(Items listed in a dataset)
※ ※ ※
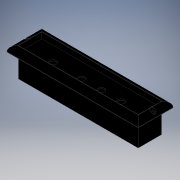
# Autodesk Inventor part: Bessel
Saved by Autodesk Inventor 2017 (Build 210142000, 142)
## iProperties
Created: 2019-01-31
Part Number: Bessel
Material: Generic
Document SubType Name: Modeling
Designer: Mitch
Density: 1 g/cm^3
Appearance: Black
Author: Mitch
Autodesk Inventor part; units mm, degrees
ref_plane "YZ Plane" through (0, 0, 0) normal (1, 0, 0) x (0, 1, 0)
ref_plane "XZ Plane" through (0, 0, 0) normal (0, 1, 0) x (-1, 0, 0)
sketch "Sketch1" plane through (0, 0, 0) normal (0, 1, 0) x (-1, 0, 0)
  line L0 (0, 0) -> (-130.81, 0)
  line L1 (-130.81, 0) -> (-130.81, -25.4)
  line L2 (-130.81, -25.4) -> (0, -25.4)
  line L3 (0, -25.4) -> (0, 0)
  dimension "d0" = 130.81
  dimension "d1" = 25.4
  constraints: 8 end point, 2 parallel, 1 horizontal, 1 perpendicular
  measures "d0" distance of L2.end L1.end
  measures "d1" distance of L1.end L0.end
extrude "Extrusion1" add sketch "Sketch1" along normal blind 25.4
shell "Shell1" thickness 1.27 removed faces 1 at (87.2067, 0, -8.4667)
sketch "Sketch2" plane through (0, 25.4, 0) normal (0, 1, 0) x (1, 0, 0)
  circle A0 centre (28.549, 9.295) radius 3 projected
  circle A1 centre (59.5104, 9.295) radius 3 projected
  circle A2 centre (81.1754, 9.295) radius 3 projected
  circle A3 centre (102.8404, 9.295) radius 3 projected
  circle A4 centre (28.549, 9.295) radius 3.556
  circle A5 centre (59.5104, 9.295) radius 3.556
  circle A6 centre (81.1754, 9.295) radius 3.556
  circle A7 centre (102.8404, 9.295) radius 3.556
  point P0 (0, 0)
  dimension "d5" = 7.112
  dimension "d6" = 7.112
  dimension "d7" = 7.112
  dimension "d8" = 7.112
  constraints: 4 centre point, 4 coincident
  measures "d5" diameter of A4
  measures "d6" diameter of A5
  measures "d7" diameter of A6
  measures "d8" diameter of A7
extrude "Extrusion2" cut sketch "Sketch2" against normal blind 25.4 contours A0 | A1 | A2 | A3 | A4 | A5 | A6 | A7
sketch "Sketch3" plane through (0, 25.4, 0) normal (0, 1, 0) x (1, 0, 0)
  circle A0 centre (81.1754, 9.295) radius 3.556 projected
  circle A1 centre (28.549, 9.295) radius 3.556 projected
  circle A2 centre (59.5104, 9.295) radius 3.556 projected
  circle A3 centre (102.8404, 9.295) radius 3.556 projected
  line L0 (0, 0) -> (130.81, 0) projected
  line L1 (130.81, 0) -> (130.81, 25.4) projected
  line L2 (130.81, 25.4) -> (0, 25.4) projected
  line L3 (0, 25.4) -> (0, 0) projected
  line L4 (-6.35, 31.75) -> (137.16, 31.75)
  line L5 (137.16, 31.75) -> (137.16, -6.35)
  line L6 (137.16, -6.35) -> (-6.35, -6.35)
  line L7 (-6.35, -6.35) -> (-6.35, 31.75)
  dimension "d11" = 6.35
  constraints: 8 end point, 3 other
  measures "d11" distance between parallel lines of L2 L4
extrude "Extrusion3" add sketch "Sketch3" along normal blind 6.35 contours L4 L5 L6 L7
fillet "Fillet1" radius 5.842 4 edges at (-6.35, 31.75, -12.7) (65.405, 31.75, -31.75) (65.405, 31.75, 6.35) (137.16, 31.75, -12.7)
ref_plane "Work Plane1" through (0, 31.75, 0) normal (0, -1, 0) x (1, 0, 0)
sketch "Sketch4" plane through (0, 31.75, 0) normal (0, -1, 0) x (1, 0, 0)
  line L0 (0, -25.4) -> (0, 0) projected
  line L1 (0, 0) -> (130.81, 0) projected
  line L2 (130.81, 0) -> (130.81, -25.4) projected
  line L3 (130.81, -25.4) -> (0, -25.4) projected
  line L4 (-6.35, -31.75) -> (137.16, -31.75) projected
  line L5 (137.16, -31.75) -> (137.16, 6.35) projected
  line L6 (137.16, 6.35) -> (-6.35, 6.35) projected
  line L7 (-6.35, 6.35) -> (-6.35, -31.75) projected
  point P0 (-3.175, -12.7)
  point P1 (133.985, -12.7)
  dimension "d25" = 19.05
  dimension "d26" = 3.175
  dimension "d27" = 19.05
  dimension "d28" = 3.175
  measures "d25" distance from line of L4 point (-3.175, -12.7)
  measures "d26" distance from line of L7 point (-3.175, -12.7)
  measures "d27" distance from line of L4 point (133.985, -12.7)
  measures "d28" distance from line of L5 point (133.985, -12.7)
hole "Hole2" at (-3.175, 31.75, -12.7) at (133.985, 31.75, -12.7) direction (0, -1, 0) diameter 2.794 end through all counterbore diameter 5.1562 counterbore depth 3.175 clearance for "Socket Head Cap Screw" size "#3" standard "Ansi Unified Screw Threads"
body "Solid1"
※ ※ ※
_Try it_: From the data above, copy each line where the string "Bessel" appears.

_Response to the exercise_:
# Autodesk Inventor part: Bessel
Part Number: Bessel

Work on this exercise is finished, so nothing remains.